Итак, какова же новая миссия Дон Кихота сегодня, в этом мире? Вопиять в пустыне. Но пустыня слышит, даже если не слышат люди, однажды она преобразится в звучащую сельву, и этот одинокий голос, который сеется в пустыне, подобно семени, прорастет гигантским кедром, который на сотне тысяч языков будет петь вечную осанну Господу жизни и смерти.
Ну а пока, вы, бакалавры Карраско, приверженцы европеизаторского обновленчества, юноши, работающие на европейский манер, создавайте при помощи... научного метода и научной критики богатство, родину, искусство, науку, этику, создавайте, или, вернее, переводите, главным образом, Культуру, которую вы таким образом убиваете, на язык жизни и смерти. Ибо все это должно послужить продолжению нашей жизни!...
На этом заканчиваются - давно пора! - эти очерки о трагическом чувстве жизни у людей и народов, или, по крайней мере, у меня - ведь я человек - и в душе моего народа, как она отражается в моей душе.
Я надеюсь, читатель, что пока продолжается наша трагедия, в каком-нибудь антракте мы с тобой еще встретимся и узнаем друг друга. И прости, если я досадил тебе больше, чем это было нужно и необходимо, больше, чем я намеревался досадить тебе, когда взялся за перо, чтобы хоть немного развеять твои иллюзии. И не дай Бог тебе мира, но дай Бог тебе славы!
Саламанка, благословенный 1912 год.
Агония христианства
Умираю, потому что не умираю.
(Святая Тереса де Хесус)
Введение
Христианство это такая универсальная духовная ценность, которая уходит своими корнями в самые глубины человеческой индивидуальности. Иезуиты говорят, что в христианстве речь идет о признании выгоды нашего индивидуального, личного спасения, и хотя иезуиты возводят это утверждение в принцип, нам следует принять его здесь только в качестве предварительного тезиса.
Поскольку речь идет о проблеме сугубо индивидуальной, а потому и универсальной, я попытаюсь обрисовать ту ситуацию сугубо личного, частного характера, в которой начал писать то, что теперь предоставляю на суд тебе, мой читатель.

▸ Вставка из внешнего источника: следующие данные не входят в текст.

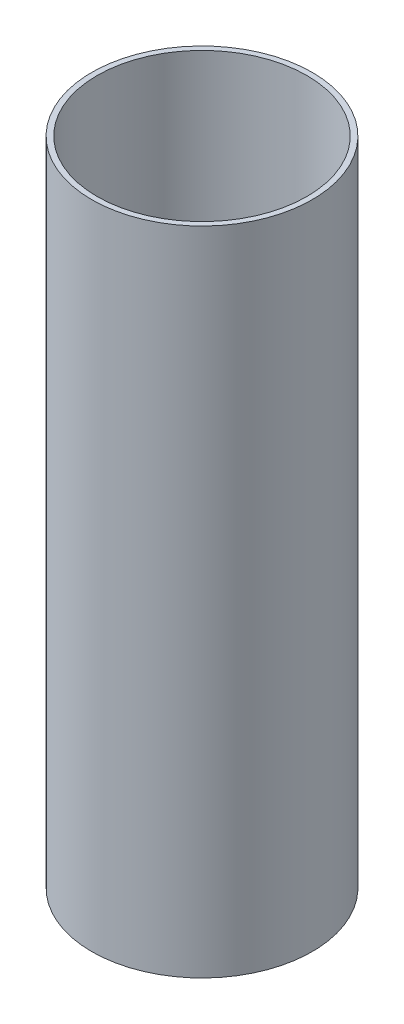
from build123d import *

# Parameters (mm, degrees)
SKETCH1_R           = 25.4
SKETCH1_R_2         = 24.1554
BOSS_EXTRUDE1_DEPTH = 150


with BuildPart() as part:
    # Sketch1 → Boss-Extrude1 (new body)
    with BuildSketch(Plane(origin=(0, 0, 0), x_dir=(1, 0, 0), z_dir=(0, 1, 0))):
        with Locations(Location((0, 0, 0), (0, 0, 270))):
            Circle(SKETCH1_R)
        with Locations(Location((0, 0, 0), (0, 0, 270))):
            Circle(SKETCH1_R_2, mode=Mode.SUBTRACT)
    extrude(amount=BOSS_EXTRUDE1_DEPTH)


solid = part.part
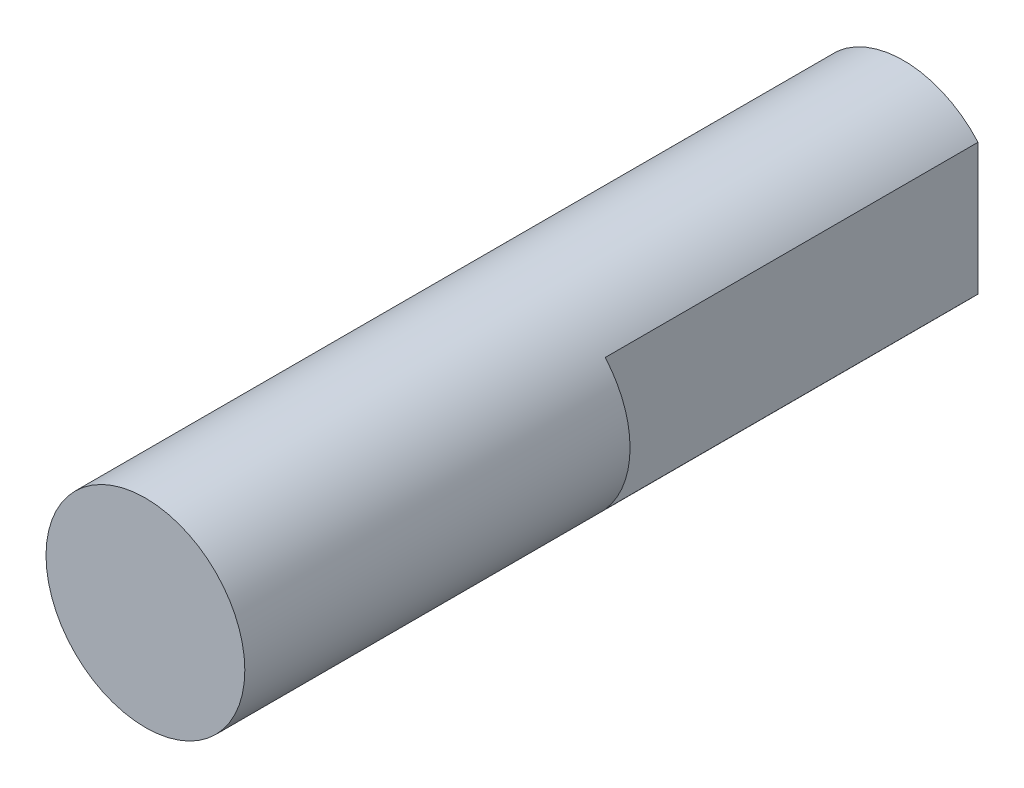
from build123d import *

# Parameters (mm, degrees)
EXTRUDE_1_DEPTH      = 10
EXTRUDE_1_DEPTH_BACK = 20.5
SKETCH_1_R           = 4
CUT_EXTRUDE_1_DEPTH  = 15


with BuildPart() as part:
    # 스케치1 → 보스-돌출1 (new, two sides: drawn at the far end of the back side and taken through both)
    with BuildSketch(Plane.XY.offset(-EXTRUDE_1_DEPTH_BACK)):
        Circle(SKETCH_1_R)
    extrude(amount=EXTRUDE_1_DEPTH + EXTRUDE_1_DEPTH_BACK)

    # 스케치3 → 컷-돌출1 (cut)
    with BuildSketch(Plane(origin=(0, 0, -20.5), x_dir=(-1, 0, 0), z_dir=(0, 0, -1))):
        with BuildLine():
            Line((-3, 2.645751311), (-3, -2.645751311))
            ThreePointArc((-3, -2.645751311), (-4, 0), (-3, 2.645751311))
        make_face()
    extrude(amount=-CUT_EXTRUDE_1_DEPTH, mode=Mode.SUBTRACT)


solid = part.part

Военная диктатура моей бедной испанской родины{297} выслала меня на остров Фуэртевентура, где я получил возможность углубить свой личный религиозный и даже мистический опыт. Я был вызволен оттуда французским парусником, доставившим меня на французский берег, и обосновался здесь, в Париже, в моей одинокой келье, расположенной неподалеку от Арки Звезды, где и было все это написано. Здесь, в Париже, перенасыщенном историей, социальной и гражданской жизнью, почти невозможно найти себе какое-нибудь убежище, где можно было бы спрятаться от истории, а посему приходится ее пережить. Здесь, в Париже, мне не увидать ни горных хребтов Саламанки, почти круглый год покрытых снегами, питавшими корни моей души; ни бескрайних степных просторов Паленсии, где остался домашний очаг моего старшего сына и где душа моя обретала покой; ни моря, из вод которого каждый день рождается солнце на Фуэртевентуре. Здесь течет Сена, а не Нервьон моего родного Бильбао, в котором можно уловить биение пульса моря с его приливами и отливами. Здесь, в этой келье, в Париже мне согревало душу чтение. Я читал на авось то, что оказывалось под рукой. А в этом на авось - самый корень свободы.
В такой вот индивидуальной ситуации религиозного и, осмелюсь сказать, христианского характера г-н П.А.Кушу попросил меня написать брошюру для издаваемой им серии литературы по христианству. Он же подсказал мне и это название: Агония христианства, так как был уже знаком с моей книгой о трагическом чувстве жизни.